Parsers and parser combinators are means of parsing a stream of some type into some other type. For example, one might start with a string whose contents are a mathematical expression such as 2 + 3. We want to get from this string to an array of tokens which can then be further processed to evaluate the expression itself or display it with syntax highlighting or for some other purpose.
I can’t do justice to this topic here. Wikipedia has the canonical article and your favorite search engine will have lots more information.
For those that already know a bit about parser combinators, a Parsimonious parser is a function with the following type signature:
typealias Parser<E, T> = Context<E>.() -> TA parser combinator, as opposed to a parser, is a function which takes zero or more parsers as input and returns another parser as output. For example, the infix function or is a combinator:
infix fun <E, T> Parser<E, T>.or(rhs: Parser<E, T>): Parser<E, T> {
val lhs = this
return {
try {
lhs(this)
} catch (e: ParseException) {
rhs(this)
}
}
}This is simpler than it looks. The or combinator returns a parser which first attempts the left-hand parser. If that fails, it tries the right-hard parser, and if that fails, parsing fails.
Parser combinators are a technique from functional programming, not object-oriented programming. As such, Parsimonious includes only one object, Context<E> and many functions declared at the top level. There are also many infix functions. This may feel strange and not very "Kotlin", but attempting to write parser combinators in an object-oriented style results in code that is difficult to read and extremely verbose.

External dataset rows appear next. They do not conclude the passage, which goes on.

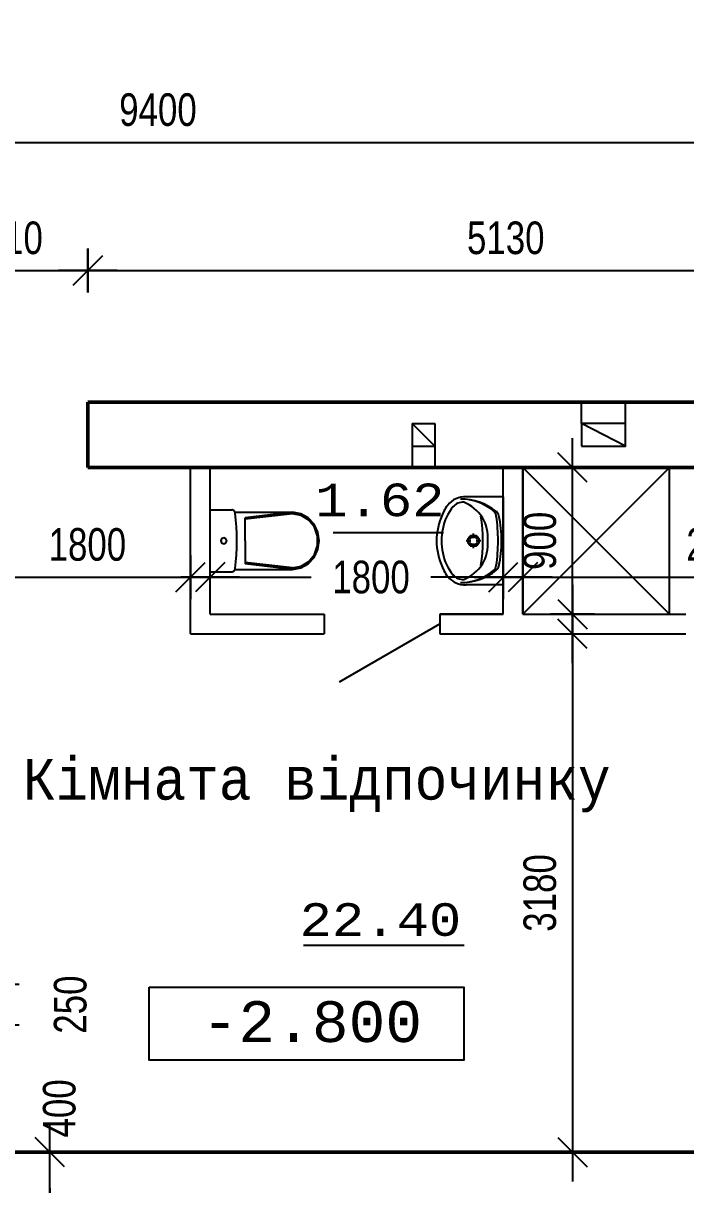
# Model space of a CAD drawing. Extents: x 3578 to 5591, y 95 to 458.
# Drawn here: x 3684.3 to 3725, y 152.1 to 223.4 of the extents above; entities that cross this region are included whole.
import ezdxf

# ---------------------------------------------------------------- set-up
doc = ezdxf.new("R2010")
doc.units = 0
doc.header["$MEASUREMENT"] = 0
doc.layers.get('0').update_dxf_attribs({"linetype": 'CONTINUOUS'})
doc.layers.get('DEFPOINTS').update_dxf_attribs({"linetype": 'CONTINUOUS'})
doc.layers.add('Chata', color=7, linetype='CONTINUOUS')
doc.layers.add('Furniture___Equipment', color=7, linetype='CONTINUOUS')
doc.styles.add('RUSS', font='russ', dxfattribs={"width": 0.8})
doc.styles.get("Standard").update_dxf_attribs({"font": 'cour.ttf'})
doc.dimstyles.new('Text 2mm', dxfattribs={"dimtxt": 2, "dimasz": 0.09, "dimexe": 0, "dimexo": 0, "dimgap": 1, "dimtad": 1, "dimdec": 0, "dimlfac": 100, "dimzin": 0, "dimdsep": 46, "dimtxsty": 'RUSS', "dimblk": 'A8MITTA', "dimcen": 3, "dimse1": 1, "dimse2": 1, "dimclrd": 6, "dimclrt": 6, "dimadec": 0, "dimazin": 0, "dimtp": 6, "dimtm": 6, "dimtfac": 1, "dimtdec": 0, "dimtofl": 0, "dimtmove": 2, "dimatfit": 3, "dimldrblk": 'A8MITTA', "dimfxl": 1, "dimtolj": 1, "dimtzin": 0, "dimarcsym": 0})

# ---------------------------------------------------------------- blocks, each defined once
blk = doc.blocks.new('A8MITTA', base_point=(3180, 3140))
for p, q in [((3180, 3155), (3180, 3125)), ((3170, 3130), (3190, 3150)), ((3160, 3140), (3200, 3140))]:
    blk.add_line(p, q)
blk = doc.blocks.new('*D158')
at = {"layer": 'Chata', "color": 6, "lineweight": -2, "ltscale": 0.01, "transparency": 16777216}
blk.add_line((3598.901, 290.586), (3743.521, 290.586), dxfattribs=at)
at = {"layer": 'DEFPOINTS', "color": 0, "ltscale": 0.01, "transparency": 16777216}
for p in [(3743.611, 290.586), (3743.611, 207.27), (3598.811, 203.17)]:
    blk.add_point(p, dxfattribs=at)
at = {"layer": 'Chata', "color": 6, "lineweight": -2, "ltscale": 0.01, "transparency": 16777216, "xscale": 0.09, "yscale": 0.09, "zscale": 0.09, "rotation": 180}
blk.add_blockref('A8MITTA', (3598.811, 290.586), dxfattribs=at)
at = {"layer": 'Chata', "color": 6, "lineweight": -2, "ltscale": 0.01, "transparency": 16777216, "xscale": 0.09, "yscale": 0.09, "zscale": 0.09}
blk.add_blockref('A8MITTA', (3743.611, 290.586), dxfattribs=at)
at = {"layer": 'Chata', "color": 6, "ltscale": 0.01, "transparency": 16777216, "insert": (3671.211, 292.586), "char_height": 2, "attachment_point": 5, "style": 'RUSS'}
blk.add_mtext('\\A1;14480', dxfattribs=at)
blk = doc.blocks.new('*D167')
at = {"layer": 'Chata', "color": 6, "lineweight": -2, "ltscale": 0.01, "transparency": 16777216}
blk.add_line((3645.701, 216.065), (3739.521, 216.065), dxfattribs=at)
at = {"layer": 'DEFPOINTS', "color": 0, "ltscale": 0.01, "transparency": 16777216}
for p in [(3739.611, 216.065), (3645.611, 200.128), (3739.611, 200.128)]:
    blk.add_point(p, dxfattribs=at)
at = {"layer": 'Chata', "color": 6, "lineweight": -2, "ltscale": 0.01, "transparency": 16777216, "xscale": 0.09, "yscale": 0.09, "zscale": 0.09, "rotation": 180}
blk.add_blockref('A8MITTA', (3645.611, 216.065), dxfattribs=at)
at = {"layer": 'Chata', "color": 6, "lineweight": -2, "ltscale": 0.01, "transparency": 16777216, "xscale": 0.09, "yscale": 0.09, "zscale": 0.09}
blk.add_blockref('A8MITTA', (3739.611, 216.065), dxfattribs=at)
at = {"layer": 'Chata', "color": 6, "ltscale": 0.01, "transparency": 16777216, "insert": (3692.611, 218.065), "char_height": 2, "attachment_point": 5, "style": 'RUSS'}
blk.add_mtext('\\A1;9400', dxfattribs=at)
blk = doc.blocks.new('*D196')
at = {"color": 6, "lineweight": -2, "ltscale": 0.01, "transparency": 16777216}
blk.add_line((3685.966, 150.218), (3685.966, 154.038), dxfattribs=at)
at = {"layer": 'DEFPOINTS', "color": 0, "ltscale": 0.01, "transparency": 16777216}
for p in [(3676.011, 154.128), (3685.966, 154.128), (3676.611, 150.128)]:
    blk.add_point(p, dxfattribs=at)
at = {"color": 6, "lineweight": -2, "ltscale": 0.01, "transparency": 16777216, "xscale": 0.09, "yscale": 0.09, "zscale": 0.09}
for p, rotation in [((3685.966, 154.128), 90), ((3685.966, 150.128), 270)]:
    blk.add_blockref('A8MITTA', p, dxfattribs=dict(at, rotation=rotation))
at = {"color": 6, "ltscale": 0.01, "transparency": 16777216, "insert": (3686.561, 156.812), "char_height": 2, "attachment_point": 5, "rotation": 90, "style": 'RUSS'}
blk.add_mtext('\\A1;400', dxfattribs=at)
blk = doc.blocks.new('*D256')
at = {"color": 6, "lineweight": -2, "ltscale": 0.01, "transparency": 16777216}
blk.add_line((3718.059, 187.218), (3718.059, 196.038), dxfattribs=at)
at = {"layer": 'DEFPOINTS', "color": 0, "ltscale": 0.01, "transparency": 16777216}
for p in [(3676.611, 196.128), (3718.059, 196.128), (3676.611, 187.128)]:
    blk.add_point(p, dxfattribs=at)
at = {"color": 6, "lineweight": -2, "ltscale": 0.01, "transparency": 16777216, "xscale": 0.09, "yscale": 0.09, "zscale": 0.09}
for p, rotation in [((3718.059, 196.128), 90), ((3718.059, 187.128), 270)]:
    blk.add_blockref('A8MITTA', p, dxfattribs=dict(at, rotation=rotation))
at = {"color": 6, "ltscale": 0.01, "transparency": 16777216, "insert": (3716.059, 191.628), "char_height": 2, "attachment_point": 5, "rotation": 90, "style": 'RUSS'}
blk.add_mtext('\\A1;900', dxfattribs=at)
blk = doc.blocks.new('WC 2 Symb_33')
at = {"layer": 'Furniture___Equipment', "color": 8, "linetype": 'Continuous'}
for p, q in [((0, 0), (0, 0.38)), ((0, 0.38), (0.1324, 0.38)), ((0.1536, 0.3649), (0.5068, 0.3649)), ((0.5063, 0.3649), (0.2157, 0.3309)), ((0.5063, 0.356), (0.2157, 0.322)), ((0.2157, 0.19), (0.2157, 0.3309)), ((0.2157, 0.19), (0.2157, 0.0491)), ((0.1538, 0.0151), (0.5068, 0.0151)), ((0.5063, 0.024), (0.2157, 0.058)), ((0.5063, 0.0151), (0.2157, 0.0491)), ((0, 0), (0.1324, 0))]:
    blk.add_line(p, q, dxfattribs=at)
for points in [[(0.1546, 0.3601), (0.1539, 0.3641), (0.1523, 0.3679), (0.1502, 0.3713), (0.1474, 0.3743), (0.1441, 0.3767), (0.1405, 0.3785), (0.1365, 0.3796), (0.1324, 0.38)], [(0.1546, 0.0197), (0.1586, 0.0621), (0.1614, 0.1047), (0.1631, 0.1473), (0.1637, 0.1899), (0.1631, 0.2325), (0.1614, 0.2751), (0.1586, 0.3177), (0.1546, 0.3601)], [(0.5068, 0.0151), (0.5572, 0.0236), (0.6027, 0.0485), (0.6388, 0.0872), (0.662, 0.1359), (0.67, 0.19), (0.662, 0.2441), (0.6388, 0.2928), (0.6027, 0.3315), (0.5572, 0.3564), (0.5068, 0.3649)], [(0.5063, 0.024), (0.5592, 0.034), (0.6057, 0.0628), (0.6403, 0.107), (0.6586, 0.1612), (0.6586, 0.2188), (0.6403, 0.273), (0.6057, 0.3172), (0.5592, 0.346), (0.5063, 0.356)], [(0.1324, 0), (0.1365, 0.0004), (0.1404, 0.0015), (0.1441, 0.0032), (0.1473, 0.0056), (0.1501, 0.0086), (0.1523, 0.012), (0.1538, 0.0157), (0.1546, 0.0197)]]:
    blk.add_lwpolyline(points, dxfattribs=at)
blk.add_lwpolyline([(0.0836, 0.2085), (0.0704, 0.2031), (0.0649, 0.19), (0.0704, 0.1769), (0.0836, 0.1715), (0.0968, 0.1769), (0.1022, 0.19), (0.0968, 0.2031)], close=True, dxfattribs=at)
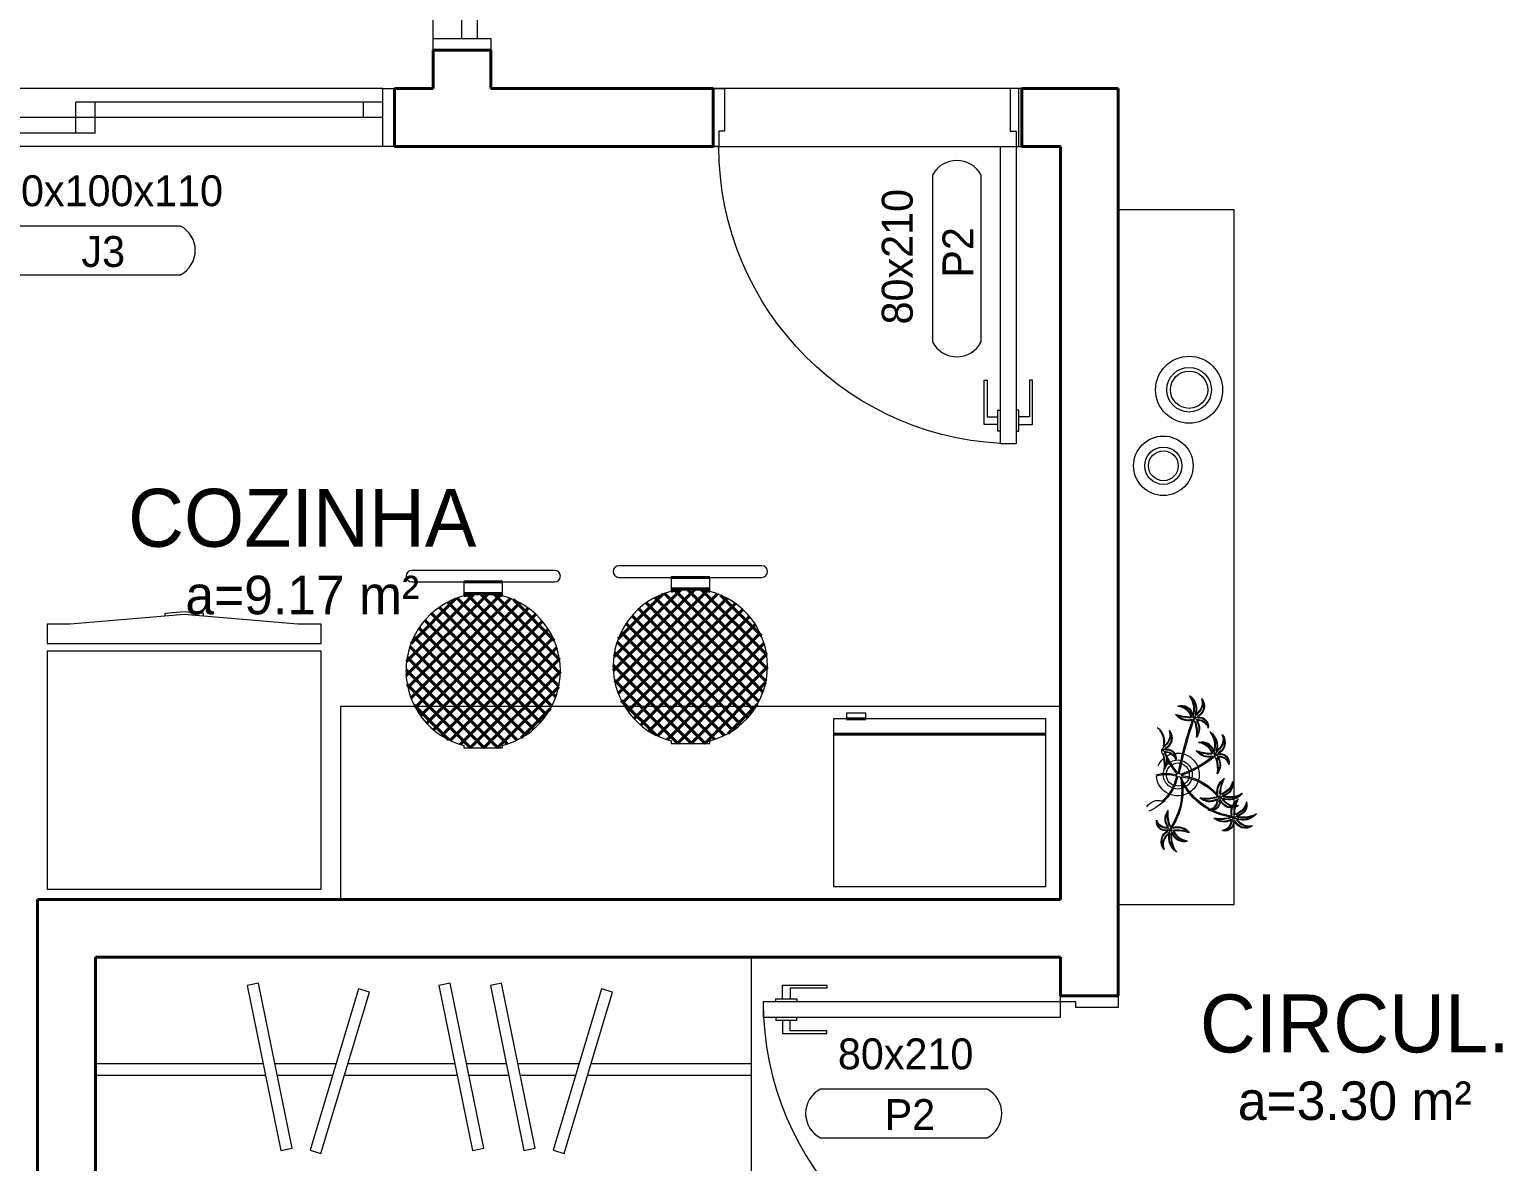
# Model space of a CAD drawing. Header units: millimetres. Extents: x 13204 to 24802, y 21209 to 40694.
# Drawn here: x 22195.5 to 22577.2, y 35858 to 36151.2 of the extents above; entities that cross this region are included whole.
import ezdxf
from ezdxf.enums import TextEntityAlignment as Align

# ---------------------------------------------------------------- set-up
doc = ezdxf.new("R2010")
doc.units = ezdxf.units.MM
for name, color, linetype, lineweight in [('ESPECARQ', 2, 'Continuous', 20), ('Esquadrias', 2, 'Continuous', 20), ('Hachura', 8, 'Continuous', 0), ('Layout', 6, 'Continuous', 15), ('Layout-int', 1, 'Continuous', 40), ('Mobiliario', 6, 'Continuous', 13), ('MOBILIÁRIO', 6, 'Continuous', 13), ('PAREDE', 1, 'Continuous', 40), ('Paredes', 1, 'Continuous', 40), ('PISO', 5, 'Continuous', 5), ('TEXTO', 4, 'Continuous', 5)]:
    doc.layers.add(name, color=color, linetype=linetype, lineweight=lineweight)
doc.styles.add('LANA', font='stylu.ttf')
doc.styles.add('REGUA60', font='cityb___.ttf', dxfattribs={"width": 1.4})

# ---------------------------------------------------------------- blocks, each defined once
blk = doc.blocks.new('*U8', base_point=(47684.74, 3776.54))
at = {"layer": 'Esquadrias'}
for p, q in [((47683.24, 3853.54), (47679.24, 3853.54)), ((47679.24, 3853.54), (47679.24, 3776.54)), ((47683.24, 3776.54), (47683.24, 3853.54)), ((47678.49, 3848.54), (47674.99, 3848.54)), ((47674.99, 3848.54), (47674.99, 3837.04)), ((47679.24, 3850.29), (47678.49, 3850.29)), ((47678.49, 3850.29), (47678.49, 3844.79)), ((47683.24, 3850.29), (47683.99, 3850.29)), ((47683.99, 3850.29), (47683.99, 3844.79)), ((47683.99, 3848.54), (47687.49, 3848.54)), ((47687.49, 3848.54), (47687.49, 3837.04)), ((47675.74, 3837.04), (47675.74, 3846.54)), ((47675.74, 3846.54), (47678.49, 3846.54)), ((47678.49, 3844.79), (47679.24, 3844.79)), ((47683.99, 3844.79), (47683.24, 3844.79)), ((47686.74, 3846.54), (47683.99, 3846.54)), ((47686.74, 3837.04), (47686.74, 3846.54)), ((47674.99, 3837.04), (47675.74, 3837.04)), ((47687.49, 3837.04), (47686.74, 3837.04)), ((47606.24, 3776.54), (47604.74, 3776.54)), ((47606.24, 3772.54), (47606.24, 3776.54)), ((47679.24, 3776.54), (47683.24, 3776.54)), ((47683.24, 3776.54), (47684.74, 3776.54)), ((47683.24, 3772.54), (47683.24, 3776.54)), ((47607.74, 3772.54), (47606.24, 3772.54)), ((47607.74, 3761.54), (47607.74, 3772.54)), ((47681.74, 3761.54), (47681.74, 3772.54)), ((47681.74, 3772.54), (47683.24, 3772.54)), ((47604.74, 3761.54), (47607.74, 3761.54)), ((47684.74, 3761.54), (47681.74, 3761.54))]:
    blk.add_line(p, q, dxfattribs=at)
at = {"layer": 'Esquadrias', "color": 0}
blk.add_arc((47683.24, 3776.54), 77, 90, 180, dxfattribs=at)
blk = doc.blocks.new('*U10', base_point=(47514.74, 3766.54))
at = {"layer": 'Esquadrias'}
for p, q in [((47513.24, 3843.54), (47509.24, 3843.54)), ((47509.24, 3843.54), (47509.24, 3766.54)), ((47513.24, 3766.54), (47513.24, 3843.54)), ((47509.24, 3840.29), (47508.49, 3840.29)), ((47508.49, 3840.29), (47508.49, 3834.79)), ((47513.24, 3840.29), (47513.99, 3840.29)), ((47513.99, 3840.29), (47513.99, 3834.79)), ((47508.49, 3838.54), (47504.99, 3838.54)), ((47504.99, 3838.54), (47504.99, 3827.04)), ((47505.74, 3827.04), (47505.74, 3836.54)), ((47505.74, 3836.54), (47508.49, 3836.54)), ((47513.99, 3838.54), (47517.49, 3838.54)), ((47516.74, 3836.54), (47513.99, 3836.54)), ((47516.74, 3827.04), (47516.74, 3836.54)), ((47517.49, 3838.54), (47517.49, 3827.04)), ((47508.49, 3834.79), (47509.24, 3834.79)), ((47513.99, 3834.79), (47513.24, 3834.79)), ((47504.99, 3827.04), (47505.74, 3827.04)), ((47517.49, 3827.04), (47516.74, 3827.04)), ((47436.24, 3766.54), (47434.74, 3766.54)), ((47436.24, 3762.54), (47436.24, 3766.54)), ((47509.24, 3766.54), (47513.24, 3766.54)), ((47513.24, 3766.54), (47514.74, 3766.54)), ((47513.24, 3762.54), (47513.24, 3766.54)), ((47437.74, 3762.54), (47436.24, 3762.54)), ((47437.74, 3751.54), (47437.74, 3762.54)), ((47511.74, 3751.54), (47511.74, 3762.54)), ((47511.74, 3762.54), (47513.24, 3762.54)), ((47434.74, 3751.54), (47437.74, 3751.54)), ((47514.74, 3751.54), (47511.74, 3751.54))]:
    blk.add_line(p, q, dxfattribs=at)
at = {"layer": 'Esquadrias', "color": 0}
blk.add_arc((47513.24, 3766.54), 77, 90, 180, dxfattribs=at)
blk = doc.blocks.new('*U16', base_point=(47499.74, 3604))
at = {"layer": 'Esquadrias'}
for p, q in [((47342.74, 3604), (47339.74, 3604)), ((47342.74, 3589), (47342.74, 3604)), ((47496.74, 3604), (47499.74, 3604)), ((47496.74, 3589), (47496.74, 3604)), ((47496.74, 3600.5), (47417.24, 3600.5)), ((47417.24, 3592.5), (47417.24, 3600.5)), ((47422.24, 3592.5), (47422.24, 3600.5)), ((47491.74, 3596.5), (47491.74, 3600.5)), ((47496.74, 3596.5), (47342.74, 3596.5)), ((47347.74, 3592.5), (47347.74, 3596.5)), ((47422.24, 3592.5), (47342.74, 3592.5)), ((47339.74, 3589), (47342.74, 3589)), ((47499.74, 3589), (47496.74, 3589))]:
    blk.add_line(p, q, dxfattribs=at)
at = {"layer": 'Esquadrias', "color": 0}
for p, q in [((47496.74, 3604), (47342.74, 3604)), ((47496.74, 3589), (47342.74, 3589))]:
    blk.add_line(p, q, dxfattribs=at)
blk = doc.blocks.new('*U33', base_point=(57769.85, 6796.77))
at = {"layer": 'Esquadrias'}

The S suffix found on identifiers such as ParserS, countS and manyS is used to indicate that these are special variants that work on a Context<Char> and return Strings rather than Char or List<Char>.
While there are others, the three most fundamental combinators are satisfy, count and or. Almost all other combinators are built on top of these. If you understand these, you can understand everything.
The satisfy combinator takes (E) -> Boolean as its argument. If the element at the Context's index passes the test, it is returned. If not, a ParseException is thrown.
val e = satisfy<Char> { it == 'e' }
val result = Context.fromString("e") parseWith eThe count combinator takes three arguments: a minimum count, a maximum count, and a parser and attempts to match that parser a valid number of times.
val e = satisfy<Char> { it == 'e' }
val result = Context.fromString("eeeee") parseWith count(2, Int.MAX_VALUE, e)This attempts to march the e parser at least 2 times, which obviously succeeds.
The or combinator has already been described above.
In simple cases, you don't need them. Take this expression for instance:
x AND y AND NOT z
This can be parsed fairly easily using string splitting and regular expressions, although parser combinators are hundreds of times faster in most cases than regular expressions. But things fall apart quickly as soon as we allow parenthetic expressions and recursion:
x AND y AND NOT (z OR NOT (a AND b))
As soon as recursion and nesting are allowed, regular expressions and string splitting fall flat on their faces. The easiest way — really, the only reliable way — to parse the expression above is to use a formal parsing methodology such as a recursive descent parser. Really, we have two options: write a custom recursive descent parser or use a library that helps us implement a recursive descent parser. Parsimonious is one such library.
To see how to implement a parsing grammar for x AND y AND NOT (z OR NOT (a AND b)), look at ConditionTest, which implements and tests a complete grammar for expressions of this type.